A new study published in the journal Diabetes Care proves that people with diabetes can drastically improve, or even cure their disease, without medications if given the right information and management tools.
Although this is of course no news to us natural health researchers who have been supporting people to do this for decades, it’s a great victory to have this acknowledged.
Scientist identified 81 adults in their early 20s with type 1 or type 2 diabetes. All of the subjects were from low socio-economic backgrounds, and all were English or Spanish speakers from Los Angeles County.
The researchers divided the subjects into two groups:
– One to receive an occupational therapy program
– The other to receive general educational material
The occupational therapy program they tested was called Resilient, Empowered, Active Living with Diabetes (or REAL Diabetes, for short).

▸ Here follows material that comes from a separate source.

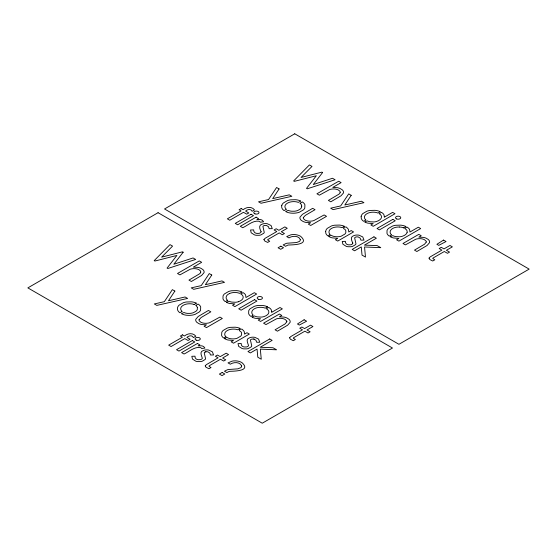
<?xml version="1.0" encoding="UTF-8"?>
<svg xmlns="http://www.w3.org/2000/svg" width="557" height="557" viewBox="0 0 557 557"><rect width="100%" height="100%" fill="white"/><g stroke="black" fill="none" stroke-linecap="round" stroke-linejoin="round"><path stroke-width="0.84" d="M194.115 304.54L196.496 303.161L195.709 302.827A10.834 6.252 0 0 0 191.274 301.845L186.372 301.991A11.231 6.482 0 0 0 183.26 302.757L179.131 305.132A11.237 6.489 0 0 0 177.683 307.248L177.509 307.91A13.18 7.61 0 0 0 177.439 308.884L177.565 309.741A10.834 6.252 0 0 0 179.284 312.303L179.869 312.762L182.188 311.426A7.714 4.456 0 0 1 180.719 308.857A9.114 5.264 0 0 1 180.788 308.188L180.844 307.951A8.146 4.707 0 0 1 181.986 306.218L182.724 305.633A10.186 5.883 0 0 1 183.629 305.09L184.625 304.63A8.376 4.839 0 0 1 187.632 303.885L188.9 303.781A9.908 5.723 0 0 1 190.007 303.767L190.661 303.802A7.547 4.359 0 0 1 194.121 304.533M328.804 236.509L331.046 235.214L332.264 235.855A7.805 4.505 0 0 0 335.14 236.634L336.358 236.746A9.525 5.5 0 0 0 337.646 236.767L338.489 236.718A8.021 4.63 0 0 0 341.218 236.189L344.88 234.079A8.153 4.707 0 0 0 345.827 232.506L345.8 230.807A7.721 4.456 0 0 0 344.804 229.289C341.044 228.349 346.28 225.362 347.276 228.043A9.775 5.647 0 0 1 348.445 229.54L348.793 231.963L351.202 230.57L353.549 231.928L337.737 241.063L335.384 239.705L337.709 238.361L332.257 237.867A10.172 5.876 0 0 1 329.786 237.024L328.915 236.572M227.569 300.3L225.286 301.615L224.68 301.156A10.611 6.127 0 0 1 222.981 298.831L223.023 296.011A11.307 6.531 0 0 1 224.478 293.894L228.607 291.513A11.119 6.419 0 0 1 231.726 290.754L236.648 290.629A10.952 6.322 0 0 1 241.146 291.652L241.947 292L239.594 293.358A7.805 4.505 0 0 0 235.326 292.502L234.984 292.495A9.852 5.688 0 0 0 233.78 292.536L232.951 292.62A8.376 4.839 0 0 0 229.63 293.497M403.602 227.876L405.949 226.518L405.148 226.177A10.952 6.322 0 0 0 400.657 225.146L395.735 225.279A11.119 6.419 0 0 0 392.615 226.031L388.487 228.412A11.307 6.531 0 0 0 387.031 230.528L386.99 233.348A10.611 6.127 0 0 0 388.689 235.674L389.294 236.133L391.571 234.817A7.812 4.512 0 0 1 390.178 232.575L390.144 232.178A10.193 5.883 0 0 1 390.199 231.475L390.429 230.751A8.278 4.776 0 0 1 391.843 229.059L392.386 228.683A9.65 5.57 0 0 1 393.312 228.168L393.639 228.022A8.376 4.839 0 0 1 396.953 227.138L397.789 227.061A9.852 5.688 0 0 1 398.993 227.019L399.334 227.019M225.919 336.665L223.615 337.995A10.68 6.169 0 0 1 221.595 335.342L221.797 332.271A11.272 6.51 0 0 1 223.12 330.475L227.228 328.101A11.098 6.405 0 0 1 230.34 327.349L235.145 327.21A10.98 6.336 0 0 1 239.809 328.268L240.192 328.428L237.818 329.793A7.909 4.567 0 0 0 233.585 329.103A9.922 5.73 0 0 0 232.401 329.138L231.573 329.215A8.327 4.811 0 0 0 228.572 329.953L227.91 330.245A9.699 5.598 0 0 0 226.978 330.761L226.434 331.137A8.251 4.762 0 0 0 225.014 332.835L224.736 334.061A8.174 4.721 0 0 0 225.884 336.679M224.582 338.642L226.824 337.354L228.043 337.995A7.805 4.505 0 0 0 230.918 338.774L232.137 338.886A9.525 5.5 0 0 0 233.425 338.907L234.267 338.858A8.021 4.63 0 0 0 236.997 338.322L240.659 336.212A8.153 4.707 0 0 0 241.606 334.639L241.578 332.94A7.721 4.456 0 0 0 240.582 331.422C236.795 330.475 242.003 327.481 243.054 330.176A9.775 5.647 0 0 1 244.224 331.68L244.572 334.103L246.981 332.71L249.327 334.068L233.515 343.196L231.162 341.838L233.487 340.501L228.036 340.007A10.172 5.876 0 0 1 225.564 339.164L224.694 338.705M229.63 293.497L229.303 293.65A9.65 5.57 0 0 0 228.377 294.166L227.841 294.535A8.278 4.776 0 0 0 226.421 296.233L226.198 296.951A10.193 5.883 0 0 0 226.135 297.661L226.17 298.051A7.812 4.512 0 0 0 227.555 300.307M238.333 301.755L240.095 301.017A11.015 6.357 0 0 0 241.049 300.446L242.044 299.631A8.278 4.783 0 0 0 243.082 297.828A8.905 5.138 0 0 0 243.144 297.104L243.089 296.637A7.596 4.386 0 0 0 242.086 294.925L240.819 293.978L243.144 292.634L244.544 293.678A9.768 5.64 0 0 1 245.637 295.147L245.957 297.508L254.312 292.683L256.666 294.04L234.901 306.608L232.548 305.25L234.873 303.906L229.658 303.468A10.249 5.918 0 0 1 226.831 302.507L226.407 302.298L228.92 301.163A7.854 4.533 0 0 0 231.9 302.096L235.576 302.263A7.784 4.498 0 0 0 238.333 301.755M206.006 351.766L207.127 351.725A2.876 1.657 0 0 1 207.942 351.864L209.794 353.027L210.449 354.99L213.582 354.955L212.363 351.801L208.701 350.075A5.8 3.349 0 0 0 206.898 349.887A6.315 3.641 0 0 0 205.7 349.942L205.143 350.012A5.382 3.105 0 0 0 203.597 350.423C199.065 351.523 201.585 355.54 202.351 358.269A2.882 1.664 0 0 1 202.052 358.785L201.216 359.369A2.987 1.727 0 0 1 200.36 359.648L198.257 359.711A3.655 2.11 0 0 1 197.262 359.488L196.955 359.376A4.282 2.472 0 0 1 196.001 358.84L195.082 357.524L195.013 356.195L191.824 356.299L192.492 359.105L195.82 361.194A6.44 3.718 0 0 0 197.679 361.59L200.381 361.597A6.308 3.641 0 0 0 202.233 361.214L205.101 359.516A5.347 3.084 0 0 0 205.554 358.687L204.231 352.713A2.52 1.455 0 0 1 204.642 352.289A2.882 1.664 0 0 1 205.268 351.961M253.317 339.018L252.196 339.053A2.493 1.441 0 0 0 251.465 339.248A2.882 1.664 0 0 0 250.838 339.575A2.52 1.455 0 0 0 250.42 340L251.75 345.981A5.347 3.084 0 0 1 251.291 346.802L248.422 348.501A6.308 3.641 0 0 1 246.577 348.884L243.869 348.877A6.44 3.718 0 0 1 242.01 348.48L238.688 346.391L238.013 343.585L241.202 343.481L241.418 345.187L242.191 346.134A4.282 2.472 0 0 0 243.144 346.663L243.451 346.774A3.655 2.11 0 0 0 244.453 346.997L246.556 346.934A2.987 1.727 0 0 0 247.412 346.656L248.248 346.071A2.882 1.664 0 0 0 248.54 345.556C247.781 342.827 245.254 338.809 249.794 337.709A5.382 3.105 0 0 1 251.332 337.298L251.896 337.229A6.315 3.641 0 0 1 253.087 337.173A5.8 3.349 0 0 1 254.89 337.361L258.552 339.088L259.778 342.242L256.645 342.277L255.99 340.313L254.138 339.15M266.824 306.482L267.625 306.823L265.278 308.181A7.805 4.505 0 0 0 261.01 307.325L260.669 307.325A9.852 5.688 0 0 0 259.458 307.367L258.629 307.443A8.376 4.839 0 0 0 255.315 308.327L254.988 308.474A9.65 5.57 0 0 0 254.062 308.989L253.519 309.365A8.278 4.776 0 0 0 252.105 311.064L251.875 311.781A10.193 5.883 0 0 0 251.813 312.491L251.848 312.881A7.812 4.512 0 0 0 253.233 315.13L250.97 316.446L250.365 315.979A10.611 6.127 0 0 1 248.666 313.654L248.707 310.834A11.307 6.531 0 0 1 250.163 308.717L254.291 306.343A11.119 6.419 0 0 1 257.404 305.584L262.326 305.459A10.952 6.322 0 0 1 266.824 306.482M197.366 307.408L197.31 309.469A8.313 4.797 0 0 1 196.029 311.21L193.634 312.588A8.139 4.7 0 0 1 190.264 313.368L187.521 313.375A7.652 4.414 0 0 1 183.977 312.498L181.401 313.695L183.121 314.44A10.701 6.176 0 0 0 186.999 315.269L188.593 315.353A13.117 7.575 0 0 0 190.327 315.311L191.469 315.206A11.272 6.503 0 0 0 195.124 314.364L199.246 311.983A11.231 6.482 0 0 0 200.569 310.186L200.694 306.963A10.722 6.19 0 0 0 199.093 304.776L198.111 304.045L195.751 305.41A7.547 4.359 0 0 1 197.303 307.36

It consisted of a manual with seven activity-focused chapters: (1) assessment and goal-setting, (2) living with diabetes, (3) access and advocacy, (4) activity and health, (5) social support, (6) emotions and well-being, and (7) long-term health.
The contents of the chapters were very practical and focused on specific steps towards behavior change.
An occupational therapist worked through one chapter with the subjects biweekly to make the process interactive.
The general educational group received standardized educational material together with a biweekly phone call.
The researchers, who did not know which participants received which program, were responsible for assessing the subjects hemoglobin A1c levels (their average level of blood sugar over the past two to three months), their diabetes self-care, their diabetes-related quality of life, their diabetes distress, their depressive symptoms, and their life satisfaction.
All subjects were tested at the beginning of the study and again after six months to check whether there was an improvement.
After six months, the REAL Diabetes program group showed a significant more improvement in hemoglobin A1c, in diabetes-related quality of life, and in habit strength for self-monitoring blood glucose.
The fact that both programs included the same amount of human interaction suggests that human interaction was not the reason for the effectiveness of the REAL Diabetes program.
The authors speculated that the REAL program’s success was due to its ability to build healthy goals and habits in the participants.
This shows that given the right information and tools, people can move mountains.